_Material supplied_:
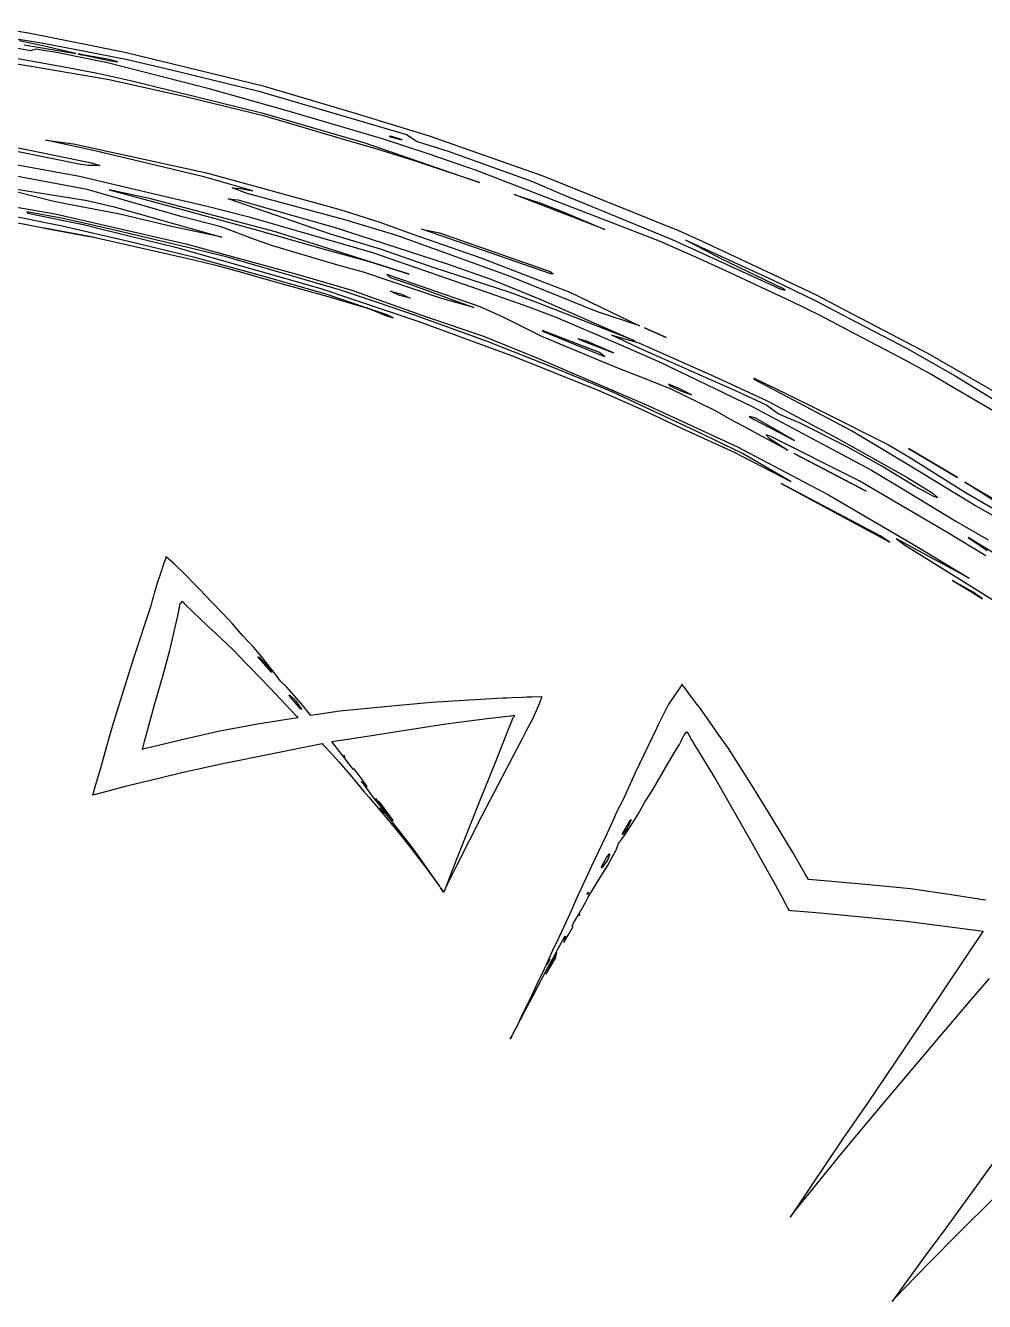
# Model space of a CAD drawing. Extents: x 0 to 153, y 0 to 357.
# Drawn here: x 89.87 to 115.11, y 323.01 to 356.6 of the extents above; entities that cross this region are included whole.
import ezdxf

# ---------------------------------------------------------------- set-up
doc = ezdxf.new("R2010")
doc.units = 0

msp = doc.modelspace()

# ---------------------------------------------------------------- linework, layer by layer
at = {"layer": 'Layer 1'}
for p, q in [((89.9508, 356.393876), (88.66999, 356.595044)), ((91.22076, 356.142134), (89.9508, 356.393876)), ((90.007426, 355.92604), (88.503296, 356.19769)), ((89.192989, 356.317555), (90.2934, 356.135)), ((90.249741, 356.080198), (89.703116, 356.189107)), ((89.835735, 356.089322), (91.193545, 355.85827)), ((91.193545, 355.85827), (90.249741, 356.080198)), ((90.2934, 356.135), (91.3916, 355.929932)), ((90.2934, 356.135), (90.2934, 356.135)), ((92.48787, 355.880658), (91.22076, 356.142134)), ((90.02349, 355.513208), (88.27576, 355.786963)), ((89.135844, 355.826), (90.893074, 355.509065)), ((90.143175, 355.975288), (90.007426, 355.92604)), ((90.733826, 355.875773), (90.143175, 355.975288)), ((92.033296, 355.610024), (90.733826, 355.875773)), ((91.2928, 355.842), (91.24857, 355.844238)), ((91.24857, 355.844238), (91.426776, 355.813442)), ((91.426776, 355.813442), (91.2928, 355.842)), ((91.2928, 355.842), (91.2928, 355.842)), ((91.3916, 355.929932), (92.55689, 355.698168)), ((92.081183, 355.699764), (91.426769, 355.812935)), ((91.426769, 355.812935), (92.110895, 355.666984)), ((92.3026, 355.638), (92.081183, 355.699764)), ((93.74664, 355.576987), (92.48787, 355.880658)), ((92.55689, 355.698168), (93.71499, 355.426349)), ((92.07486, 355.163208), (90.02349, 355.513208)), ((90.893074, 355.509065), (91.769043, 355.336523)), ((94.743476, 354.921555), (92.033296, 355.610024)), ((92.110895, 355.666984), (92.3026, 355.638)), ((92.3026, 355.638), (92.3026, 355.638)), ((93.71499, 355.426349), (96.01736, 354.868904)), ((96.16704, 354.99285), (93.74664, 355.576987)), ((91.769043, 355.336523), (92.634429, 355.143461)), ((94.12005, 354.705006), (92.07486, 355.163208)), ((92.634429, 355.143461), (96.091969, 354.297814)), ((96.16816, 354.212311), (94.12005, 354.705006)), ((96.823876, 354.333551), (94.743476, 354.921555)), ((96.01736, 354.868904), (99.89712, 353.724944)), ((98.55616, 354.283248), (96.16704, 354.99285)), ((96.091969, 354.297814), (98.8059, 353.505861)), ((98.1945, 353.614), (96.16816, 354.212311)), ((99.299626, 353.604481), (96.823876, 354.333551)), ((100.50699, 353.68507), (98.55616, 354.283248)), ((99.479776, 353.679522), (99.449316, 353.672669)), ((99.663, 353.63), (99.479776, 353.679522)), ((99.89712, 353.724944), (100.180471, 353.539482)), ((103.49667, 352.62871), (100.50699, 353.68507)), ((87.015221, 353.406668), (91.297955, 352.626485)), ((89.596979, 353.39481), (91.611509, 352.983418)), ((91.701472, 353.296819), (90.403772, 353.577695)), ((90.403772, 353.577695), (91.137419, 353.480859)), ((91.137419, 353.480859), (94.633699, 352.717244)), ((99.155927, 353.330677), (98.1945, 353.614)), ((98.1945, 353.614), (98.1945, 353.614)), ((98.8059, 353.505861), (101.826769, 352.463764)), ((100.525356, 353.202382), (99.299626, 353.604481)), ((99.449316, 353.672669), (99.627048, 353.616671)), ((99.627048, 353.616671), (99.783943, 353.582584)), ((99.783943, 353.582584), (99.663, 353.63)), ((99.663, 353.63), (99.663, 353.63)), ((100.180471, 353.539482), (100.994168, 353.290895)), ((91.330133, 352.939966), (89.595353, 353.29085)), ((93.133422, 352.950346), (91.701472, 353.296819)), ((100.112959, 353.031454), (99.155927, 353.330677)), ((101.826769, 352.463764), (100.112959, 353.031454)), ((101.743016, 352.774844), (100.525356, 353.202382)), ((100.994168, 353.290895), (103.221158, 352.487036)), ((91.521762, 352.909238), (91.330133, 352.939966)), ((91.5217, 352.909), (91.521762, 352.909238)), ((91.832317, 352.905948), (91.5217, 352.909)), ((91.611509, 352.983418), (91.832317, 352.905948)), ((94.566592, 352.615202), (93.133422, 352.950346)), ((94.633699, 352.717244), (98.085539, 351.772849)), ((106.560606, 350.915284), (101.743016, 352.774844)), ((90.579452, 351.967665), (88.937002, 352.393233)), ((88.937002, 352.393233), (91.4941, 351.989)), ((91.49463, 352.280572), (89.47813, 352.657604)), ((91.297955, 352.626485), (93.518095, 352.106181)), ((94.5666, 352.615), (94.566592, 352.615202)), ((95.856381, 352.244525), (94.5666, 352.615)), ((103.221158, 352.487036), (103.986146, 352.157624)), ((106.439, 351.447), (103.49667, 352.62871)), ((87.185626, 352.240569), (90.65772, 351.636911)), ((93.0801, 351.82563), (91.49463, 352.280572)), ((93.16929, 352.030071), (92.0772, 352.270524)), ((92.0772, 352.270524), (93.99385, 351.748727)), ((96.45345, 351.164245), (93.16929, 352.030071)), ((93.518095, 352.106181), (94.623215, 351.847081)), ((97.900834, 351.104945), (95.207534, 352.034776)), ((95.207534, 352.034776), (95.46104, 352.007471)), ((95.705243, 352.175772), (95.309621, 352.326606)), ((95.309621, 352.326606), (95.529884, 352.308934)), ((95.46104, 352.007471), (98.02627, 351.281726)), ((95.529884, 352.308934), (95.856381, 352.244525)), ((98.275823, 351.479127), (95.705243, 352.175772)), ((103.53241, 351.837784), (102.73452, 352.14454)), ((102.73452, 352.14454), (103.434456, 351.917899)), ((103.986146, 352.157624), (106.895506, 350.963094)), ((90.867239, 351.519005), (89.910272, 351.695007)), ((89.910272, 351.695007), (89.93795, 351.653184)), ((90.966661, 351.893587), (90.579452, 351.967665)), ((92.309141, 351.638458), (90.966661, 351.893587)), ((91.4941, 351.989), (92.209431, 351.81829)), ((91.4941, 351.989), (91.4941, 351.989)), ((92.209431, 351.81829), (95.039961, 351.025726)), ((93.961429, 351.57163), (93.0801, 351.82563)), ((93.99385, 351.748727), (95.9159, 351.228)), ((94.623215, 351.847081), (95.720395, 351.570887)), ((98.085539, 351.772849), (98.285522, 351.711627)), ((98.285522, 351.711627), (99.173836, 351.424511)), ((103.434456, 351.917899), (104.040502, 351.683457)), ((105.118082, 351.228614), (103.532, 351.838)), ((103.532, 351.838), (103.53241, 351.837784)), ((104.040502, 351.683457), (105.118082, 351.228614)), ((88.530831, 351.620566), (90.389471, 351.261475)), ((90.83805, 351.312962), (89.22022, 351.633758)), ((89.93795, 351.653184), (90.913843, 351.455679)), ((90.65772, 351.636911), (94.093046, 350.850539)), ((92.228299, 351.206755), (90.867239, 351.519005)), ((90.913843, 351.455679), (91.401651, 351.356876)), ((91.401651, 351.356876), (91.884918, 351.237451)), ((93.676451, 351.316745), (92.309141, 351.638458)), ((95.026589, 351.298826), (93.961429, 351.57163)), ((95.720395, 351.570887), (99.009165, 350.622232)), ((99.648353, 351.063496), (98.275823, 351.479127)), ((99.173836, 351.424511), (100.063713, 351.107011)), ((107.070627, 351.192514), (106.439, 351.447)), ((90.389471, 351.261475), (90.374412, 351.257405)), ((90.374412, 351.257405), (90.471146, 351.240717)), ((90.471146, 351.240717), (90.418232, 351.254182)), ((90.418232, 351.254182), (91.564192, 351.045417)), ((91.5083, 351.051), (90.47109, 351.240738)), ((90.47109, 351.240738), (91.5083, 351.051)), ((92.5868, 350.913), (90.83805, 351.312962)), ((91.5083, 351.051), (91.5083, 351.051)), ((91.564192, 351.045417), (91.508363, 351.050979)), ((91.508363, 351.050979), (91.623278, 351.028661)), ((91.623278, 351.028661), (91.591669, 351.042668)), ((91.591669, 351.042668), (94.300909, 350.42432)), ((91.884918, 351.237451), (93.816828, 350.758221)), ((94.180219, 350.746149), (92.228299, 351.206755)), ((95.039961, 351.025726), (93.676451, 351.316745)), ((95.860298, 350.979554), (95.026589, 351.298826)), ((95.9159, 351.228), (97.89075, 350.662822)), ((95.9159, 351.228), (95.9159, 351.228)), ((99.97313, 350.045515), (96.45345, 351.164245)), ((99.214684, 350.704644), (97.900834, 351.104945)), ((98.02627, 351.281726), (100.97504, 350.319913)), ((102.582133, 350.008746), (99.648353, 351.063496)), ((100.063713, 351.107011), (101.856013, 350.482578)), ((103.704719, 350.060345), (100.306259, 351.235405)), ((100.306259, 351.235405), (100.769, 351.139)), ((100.769, 351.139), (100.7687, 351.138799)), ((100.7687, 351.138799), (103.67867, 350.116239)), ((107.690652, 350.907772), (107.070627, 351.192514)), ((94.329876, 350.490389), (92.5868, 350.913)), ((93.816828, 350.758221), (97.642247, 349.669081)), ((94.093046, 350.850539), (97.010406, 350.053228)), ((95.155296, 350.509876), (94.180219, 350.746149)), ((96.350142, 350.805793), (95.860298, 350.979554)), ((98.093942, 350.284029), (96.350142, 350.805793)), ((97.89075, 350.662822), (98.92058, 350.378997)), ((100.572634, 350.230841), (99.214684, 350.704644)), ((107.436101, 350.535063), (106.560606, 350.915284)), ((106.895506, 350.963094), (109.757516, 349.654294)), ((108.200079, 350.446045), (107.255259, 350.947796)), ((107.255259, 350.947796), (109.551379, 349.892366)), ((109.696972, 349.968173), (107.690652, 350.907772)), ((94.300909, 350.42432), (94.88396, 350.286376)), ((96.059896, 350.017568), (94.329876, 350.490389)), ((96.1183, 350.229), (95.155296, 350.509876)), ((98.92058, 350.378997), (99.97313, 350.045515)), ((99.009165, 350.622232), (102.246305, 349.500662)), ((100.97504, 350.319913), (102.12405, 349.921102)), ((101.856013, 350.482578), (104.202743, 349.57717)), ((108.303522, 350.134353), (107.436101, 350.535063)), ((109.805079, 349.676815), (108.200079, 350.446045)), ((94.88396, 350.286376), (95.458736, 350.124993)), ((95.458736, 350.124993), (96.603466, 349.801849)), ((97.786466, 349.523722), (96.059896, 350.017568)), ((98.140384, 349.635268), (96.1183, 350.229)), ((97.010406, 350.053228), (98.460466, 349.626841)), ((98.772169, 350.098225), (98.093942, 350.284029)), ((99.444969, 349.872704), (98.772169, 350.098225)), ((101.844401, 349.193907), (99.384931, 350.044098)), ((99.384931, 350.044098), (99.474136, 349.963814)), ((102.633094, 349.567097), (100.572634, 350.230841)), ((104.905323, 349.064262), (102.582133, 350.008746)), ((103.67867, 350.116239), (103.759123, 350.06177)), ((103.759123, 350.06177), (103.704719, 350.060345)), ((110.038092, 349.330867), (108.303522, 350.134353)), ((96.603466, 349.801849), (97.746106, 349.486209)), ((97.642247, 349.669081), (100.199128, 348.814343)), ((100.794369, 349.417285), (99.444969, 349.872704)), ((99.474136, 349.963814), (100.011806, 349.775603)), ((100.011806, 349.775603), (101.677326, 349.175421)), ((102.12405, 349.921102), (103.43465, 349.382213)), ((109.551379, 349.892366), (110.661719, 349.352628)), ((110.697622, 349.494269), (109.696972, 349.968173)), ((109.757516, 349.654294), (109.864628, 349.624785)), ((109.864628, 349.624785), (109.805079, 349.676815)), ((97.746106, 349.486209), (98.811136, 349.176366)), ((98.811136, 349.176366), (97.786466, 349.523722)), ((99.141704, 349.307007), (98.140384, 349.635268)), ((98.460466, 349.626841), (99.880606, 349.118884)), ((99.720214, 349.488906), (99.482719, 349.599311)), ((99.482719, 349.599311), (99.7504, 349.533)), ((99.995967, 349.417035), (99.720214, 349.488906)), ((99.7504, 349.533), (99.995967, 349.417035)), ((99.7504, 349.533), (99.7504, 349.533)), ((101.677326, 349.175421), (100.794369, 349.417285)), ((102.246305, 349.500662), (102.967947, 349.241833)), ((103.374, 349.287), (102.633094, 349.567097)), ((103.43465, 349.382213), (105.91216, 348.298493)), ((104.202743, 349.57717), (106.035133, 348.693705)), ((110.79209, 348.957532), (110.038092, 349.330867)), ((110.661719, 349.352628), (111.763179, 348.775986)), ((111.67772, 348.97885), (110.697622, 349.494269)), ((98.881365, 349.154681), (98.811018, 349.176559)), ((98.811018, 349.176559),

_About this exercise_: Each line from the first line of the listing above through the line containing "doc.units = 0" is to be written out exactly, and the pictures are to be left out.

_Your solution_:
# Model space of a CAD drawing. Extents: x 0 to 153, y 0 to 357.
# Drawn here: x 89.87 to 115.11, y 323.01 to 356.6 of the extents above; entities that cross this region are included whole.
import ezdxf

# ---------------------------------------------------------------- set-up
doc = ezdxf.new("R2010")
doc.units = 0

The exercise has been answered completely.